From the records below, print exactly the lines starting at the one containing "#111=ELLIPSE('',#110,3.175,2.);" and ending at the one containing "#121=DIRECTION('',(0.,0.,-1.));", ends included, and nothing else.

[Data excerpts]

_ _ _ _ _ _ _

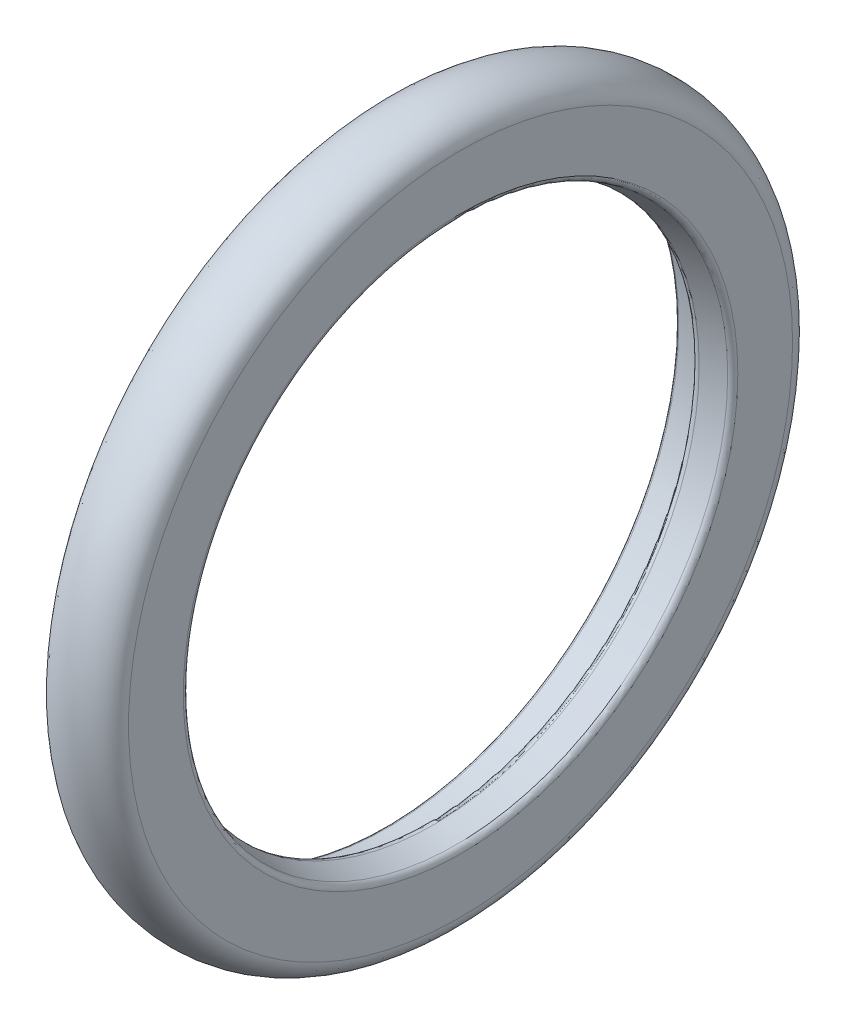
ISO-10303-21;
HEADER;
FILE_DESCRIPTION(('STEP AP214'),'2;1');
FILE_NAME('part.step','',(''),(''),'','','');
FILE_SCHEMA(('AUTOMOTIVE_DESIGN { 1 0 10303 214 1 1 1 1 }'));
ENDSEC;
DATA;
#1=APPLICATION_CONTEXT('core data for automotive mechanical design processes');
#2=APPLICATION_PROTOCOL_DEFINITION('international standard','automotive_design',2000,#1);
#3=PRODUCT_CONTEXT('',#1,'mechanical');
#4=PRODUCT('Part','Part','',(#3));
#5=PRODUCT_RELATED_PRODUCT_CATEGORY('part','',(#4));
#6=PRODUCT_DEFINITION_FORMATION('','',#4);
#7=PRODUCT_DEFINITION_CONTEXT('part definition',#1,'design');
#8=PRODUCT_DEFINITION('design','',#6,#7);
#9=PRODUCT_DEFINITION_SHAPE('','',#8);
#10=(LENGTH_UNIT() NAMED_UNIT(*) SI_UNIT(.MILLI.,.METRE.));
#11=(NAMED_UNIT(*) PLANE_ANGLE_UNIT() SI_UNIT($,.RADIAN.));
#12=(NAMED_UNIT(*) SI_UNIT($,.STERADIAN.) SOLID_ANGLE_UNIT());
#13=UNCERTAINTY_MEASURE_WITH_UNIT(LENGTH_MEASURE(1.E-05),#10,'distance_accuracy_value','');
#14=(GEOMETRIC_REPRESENTATION_CONTEXT(3) GLOBAL_UNCERTAINTY_ASSIGNED_CONTEXT((#13)) GLOBAL_UNIT_ASSIGNED_CONTEXT((#10,
#11,#12)) REPRESENTATION_CONTEXT('',''));
#15=CARTESIAN_POINT('',(0.,0.,0.));
#16=DIRECTION('',(0.,0.,1.));
#17=DIRECTION('',(1.,0.,0.));
#18=AXIS2_PLACEMENT_3D('',#15,#16,#17);
#19=CARTESIAN_POINT('',(-0.558663493989481,0.,0.));
#20=DIRECTION('',(1.,0.,0.));
#21=DIRECTION('',(0.,0.,-1.));
#22=AXIS2_PLACEMENT_3D('',#19,#20,#21);
#23=TOROIDAL_SURFACE('',#22,24.,0.5);
#24=CARTESIAN_POINT('',(-0.0757005808449396,0.,0.));
#25=DIRECTION('',(1.,0.,0.));
#26=DIRECTION('',(0.,0.,-1.));
#27=AXIS2_PLACEMENT_3D('',#24,#25,#26);
#28=CIRCLE('',#27,24.1294095225513);
#29=CARTESIAN_POINT('',(-0.0757005808449396,0.,-24.1294095225513));
#30=VERTEX_POINT('',#29);
#31=EDGE_CURVE('E86',#30,#30,#28,.T.);
#32=ORIENTED_EDGE('',*,*,#31,.T.);
#33=EDGE_LOOP('',(#32));
#34=FACE_BOUND('',#33,.T.);
#35=CARTESIAN_POINT('',(-0.558663493989489,0.,0.));
#36=DIRECTION('',(1.,0.,0.));
#37=DIRECTION('',(0.,0.,-1.));
#38=AXIS2_PLACEMENT_3D('',#35,#36,#37);
#39=CIRCLE('',#38,24.5);
#40=CARTESIAN_POINT('',(-0.558663493989489,0.,-24.5));
#41=VERTEX_POINT('',#40);
#42=EDGE_CURVE('E10',#41,#41,#39,.T.);
#43=ORIENTED_EDGE('',*,*,#42,.F.);
#44=EDGE_LOOP('',(#43));
#45=FACE_BOUND('',#44,.T.);
#46=ADVANCED_FACE('F43',(#34,#45),#23,.F.);
#47=CARTESIAN_POINT('',(88.99,0.,0.));
#48=DIRECTION('',(1.,0.,0.));
#49=DIRECTION('',(0.,0.,-1.));
#50=AXIS2_PLACEMENT_3D('',#47,#48,#49);
#51=CYLINDRICAL_SURFACE('',#50,24.5);
#52=ORIENTED_EDGE('',*,*,#42,.T.);
#53=EDGE_LOOP('',(#52));
#54=FACE_BOUND('',#53,.T.);
#55=CARTESIAN_POINT('',(-2.925,0.,0.));
#56=DIRECTION('',(1.,0.,0.));
#57=DIRECTION('',(0.,0.,-1.));
#58=AXIS2_PLACEMENT_3D('',#55,#56,#57);
#59=CIRCLE('',#58,24.5);
#60=CARTESIAN_POINT('',(-2.925,0.,-24.5));
#61=VERTEX_POINT('',#60);
#62=EDGE_CURVE('E50',#61,#61,#59,.T.);
#63=ORIENTED_EDGE('',*,*,#62,.F.);
#64=EDGE_LOOP('',(#63));
#65=FACE_BOUND('',#64,.T.);
#66=ADVANCED_FACE('F105',(#54,#65),#51,.F.);
#67=CARTESIAN_POINT('',(-2.925,0.,0.));
#68=DIRECTION('',(1.,0.,0.));
#69=DIRECTION('',(0.,0.,-1.));
#70=AXIS2_PLACEMENT_3D('',#67,#68,#69);
#71=TOROIDAL_SURFACE('',#70,24.75,0.25);
#72=ORIENTED_EDGE('',*,*,#62,.T.);
#73=EDGE_LOOP('',(#72));
#74=FACE_BOUND('',#73,.T.);
#75=CARTESIAN_POINT('',(-3.175,0.,0.));
#76=DIRECTION('',(1.,0.,0.));
#77=DIRECTION('',(0.,0.,-1.));
#78=AXIS2_PLACEMENT_3D('',#75,#76,#77);
#79=CIRCLE('',#78,24.75);
#80=CARTESIAN_POINT('',(-3.175,0.,-24.75));
#81=VERTEX_POINT('',#80);
#82=EDGE_CURVE('E55',#81,#81,#79,.T.);
#83=ORIENTED_EDGE('',*,*,#82,.F.);
#84=EDGE_LOOP('',(#83));
#85=FACE_BOUND('',#84,.T.);
#86=ADVANCED_FACE('F102',(#74,#85),#71,.T.);
#87=CARTESIAN_POINT('',(-3.175,0.,-28.));
#88=DIRECTION('',(-1.,0.,0.));
#89=DIRECTION('',(0.,0.,1.));
#90=AXIS2_PLACEMENT_3D('',#87,#88,#89);
#91=PLANE('',#90);
#92=ORIENTED_EDGE('',*,*,#82,.T.);
#93=EDGE_LOOP('',(#92));
#94=FACE_BOUND('',#93,.T.);
#95=CARTESIAN_POINT('',(-3.175,0.,0.));
#96=DIRECTION('',(1.,0.,0.));
#97=DIRECTION('',(0.,0.,-1.));
#98=AXIS2_PLACEMENT_3D('',#95,#96,#97);
#99=CIRCLE('',#98,28.);
#100=CARTESIAN_POINT('',(-3.175,0.,-28.));
#101=VERTEX_POINT('',#100);
#102=EDGE_CURVE('E60',#101,#101,#99,.T.);
#103=ORIENTED_EDGE('',*,*,#102,.F.);
#104=EDGE_LOOP('',(#103));
#105=FACE_BOUND('',#104,.T.);
#106=ADVANCED_FACE('F97',(#94,#105),#91,.T.);
#107=CARTESIAN_POINT('',(0.,0.,-28.));
#108=DIRECTION('',(0.,1.,0.));
#109=DIRECTION('',(1.,0.,0.));
#110=AXIS2_PLACEMENT_3D('',#107,#108,#109);
#111=ELLIPSE('',#110,3.175,2.);
#112=CARTESIAN_POINT('',(88.99,0.,0.));
#113=DIRECTION('',(1.,0.,0.));
#114=AXIS1_PLACEMENT('',#112,#113);
#115=SURFACE_OF_REVOLUTION('',#111,#114);
#116=ORIENTED_EDGE('',*,*,#102,.T.);
#117=EDGE_LOOP('',(#116));
#118=FACE_BOUND('',#117,.T.);
#119=CARTESIAN_POINT('',(3.175,0.,0.));
#120=DIRECTION('',(1.,0.,0.));
#121=DIRECTION('',(0.,0.,-1.));
#122=AXIS2_PLACEMENT_3D('',#119,#120,#121);
#123=CIRCLE('',#122,28.);
#124=CARTESIAN_POINT('',(3.175,0.,-28.));
#125=VERTEX_POINT('',#124);
#126=EDGE_CURVE('E66',#125,#125,#123,.T.);
#127=ORIENTED_EDGE('',*,*,#126,.F.);
#128=EDGE_LOOP('',(#127));
#129=FACE_BOUND('',#128,.T.);
#130=ADVANCED_FACE('F92',(#118,#129),#115,.F.);
#131=CARTESIAN_POINT('',(3.175,0.,-23.3836634939895));
#132=DIRECTION('',(1.,0.,0.));
#133=DIRECTION('',(0.,0.,-1.));
#134=AXIS2_PLACEMENT_3D('',#131,#132,#133);
#135=PLANE('',#134);
#136=ORIENTED_EDGE('',*,*,#126,.T.);
#137=EDGE_LOOP('',(#136));
#138=FACE_BOUND('',#137,.T.);
#139=CARTESIAN_POINT('',(3.175,0.,0.));
#140=DIRECTION('',(1.,0.,0.));
#141=DIRECTION('',(0.,0.,-1.));
#142=AXIS2_PLACEMENT_3D('',#139,#140,#141);
#143=CIRCLE('',#142,23.3836634939895);
#144=CARTESIAN_POINT('',(3.175,0.,-23.3836634939895));
#145=VERTEX_POINT('',#144);
#146=EDGE_CURVE('E70',#145,#145,#143,.T.);
#147=ORIENTED_EDGE('',*,*,#146,.F.);
#148=EDGE_LOOP('',(#147));
#149=FACE_BOUND('',#148,.T.);
#150=ADVANCED_FACE('F96',(#138,#149),#135,.T.);
#151=CARTESIAN_POINT('',(2.675,0.,0.));
#152=DIRECTION('',(1.,0.,0.));
#153=DIRECTION('',(0.,0.,-1.));
#154=AXIS2_PLACEMENT_3D('',#151,#152,#153);
#155=TOROIDAL_SURFACE('',#154,23.3836634939895,0.5);
#156=ORIENTED_EDGE('',*,*,#146,.T.);
#157=EDGE_LOOP('',(#156));
#158=FACE_BOUND('',#157,.T.);
#159=CARTESIAN_POINT('',(2.80440952255126,0.,0.));
#160=DIRECTION('',(1.,0.,0.));
#161=DIRECTION('',(0.,0.,-1.));
#162=AXIS2_PLACEMENT_3D('',#159,#160,#161);
#163=CIRCLE('',#162,22.9007005808449);
#164=CARTESIAN_POINT('',(2.80440952255126,0.,-22.9007005808449));
#165=VERTEX_POINT('',#164);
#166=EDGE_CURVE('E74',#165,#165,#163,.T.);
#167=ORIENTED_EDGE('',*,*,#166,.F.);
#168=EDGE_LOOP('',(#167));
#169=FACE_BOUND('',#168,.T.);
#170=ADVANCED_FACE('F130',(#158,#169),#155,.T.);
#171=CARTESIAN_POINT('',(0.90737036180559,0.,0.));
#172=DIRECTION('',(1.,0.,0.));
#173=DIRECTION('',(0.,0.,-1.));
#174=AXIS2_PLACEMENT_3D('',#171,#172,#173);
#175=CONICAL_SURFACE('',#174,22.3923904697129,0.261799387799145);
#176=ORIENTED_EDGE('',*,*,#166,.T.);
#177=EDGE_LOOP('',(#176));
#178=FACE_BOUND('',#177,.T.);
#179=CARTESIAN_POINT('',(0.90737036180559,0.,0.));
#180=DIRECTION('',(1.,0.,0.));
#181=DIRECTION('',(0.,0.,-1.));
#182=AXIS2_PLACEMENT_3D('',#179,#180,#181);
#183=CIRCLE('',#182,22.3923904697129);
#184=CARTESIAN_POINT('',(0.90737036180559,0.,-22.3923904697129));
#185=VERTEX_POINT('',#184);
#186=EDGE_CURVE('E78',#185,#185,#183,.T.);
#187=ORIENTED_EDGE('',*,*,#186,.F.);
#188=EDGE_LOOP('',(#187));
#189=FACE_BOUND('',#188,.T.);
#190=ADVANCED_FACE('F125',(#178,#189),#175,.F.);
#191=CARTESIAN_POINT('',(0.777960839254332,0.,0.));
#192=DIRECTION('',(1.,0.,0.));
#193=DIRECTION('',(0.,0.,-1.));
#194=AXIS2_PLACEMENT_3D('',#191,#192,#193);
#195=TOROIDAL_SURFACE('',#194,22.8753533828575,0.499999999999999);
#196=ORIENTED_EDGE('',*,*,#186,.T.);
#197=EDGE_LOOP('',(#196));
#198=FACE_BOUND('',#197,.T.);
#199=CARTESIAN_POINT('',(0.294997926109791,0.,0.));
#200=DIRECTION('',(1.,0.,0.));
#201=DIRECTION('',(0.,0.,-1.));
#202=AXIS2_PLACEMENT_3D('',#199,#200,#201);
#203=CIRCLE('',#202,22.7459438603062);
#204=CARTESIAN_POINT('',(0.294997926109791,0.,-22.7459438603062));
#205=VERTEX_POINT('',#204);
#206=EDGE_CURVE('E82',#205,#205,#203,.T.);
#207=ORIENTED_EDGE('',*,*,#206,.F.);
#208=EDGE_LOOP('',(#207));
#209=FACE_BOUND('',#208,.T.);
#210=ADVANCED_FACE('F119',(#198,#209),#195,.T.);
#211=CARTESIAN_POINT('',(-0.0757005808449396,0.,0.));
#212=DIRECTION('',(-1.,0.,0.));
#213=DIRECTION('',(0.,0.,1.));
#214=AXIS2_PLACEMENT_3D('',#211,#212,#213);
#215=CONICAL_SURFACE('',#214,24.1294095225513,1.30899693899576);
#216=ORIENTED_EDGE('',*,*,#206,.T.);
#217=EDGE_LOOP('',(#216));
#218=FACE_BOUND('',#217,.T.);
#219=ORIENTED_EDGE('',*,*,#31,.F.);
#220=EDGE_LOOP('',(#219));
#221=FACE_BOUND('',#220,.T.);
#222=ADVANCED_FACE('F117',(#218,#221),#215,.F.);
#223=CLOSED_SHELL('',(#46,#66,#86,#106,#130,#150,#170,#190,#210,#222));
#224=MANIFOLD_SOLID_BREP('B2',#223);
#225=ADVANCED_BREP_SHAPE_REPRESENTATION('',(#18,#224),#14);
#226=SHAPE_DEFINITION_REPRESENTATION(#9,#225);
ENDSEC;
END-ISO-10303-21;

_ _ _ _ _ _ _

### Solution below
#111=ELLIPSE('',#110,3.175,2.);
#112=CARTESIAN_POINT('',(88.99,0.,0.));
#113=DIRECTION('',(1.,0.,0.));
#114=AXIS1_PLACEMENT('',#112,#113);
#115=SURFACE_OF_REVOLUTION('',#111,#114);
#116=ORIENTED_EDGE('',*,*,#102,.T.);
#117=EDGE_LOOP('',(#116));
#118=FACE_BOUND('',#117,.T.);
#119=CARTESIAN_POINT('',(3.175,0.,0.));
#120=DIRECTION('',(1.,0.,0.));
#121=DIRECTION('',(0.,0.,-1.));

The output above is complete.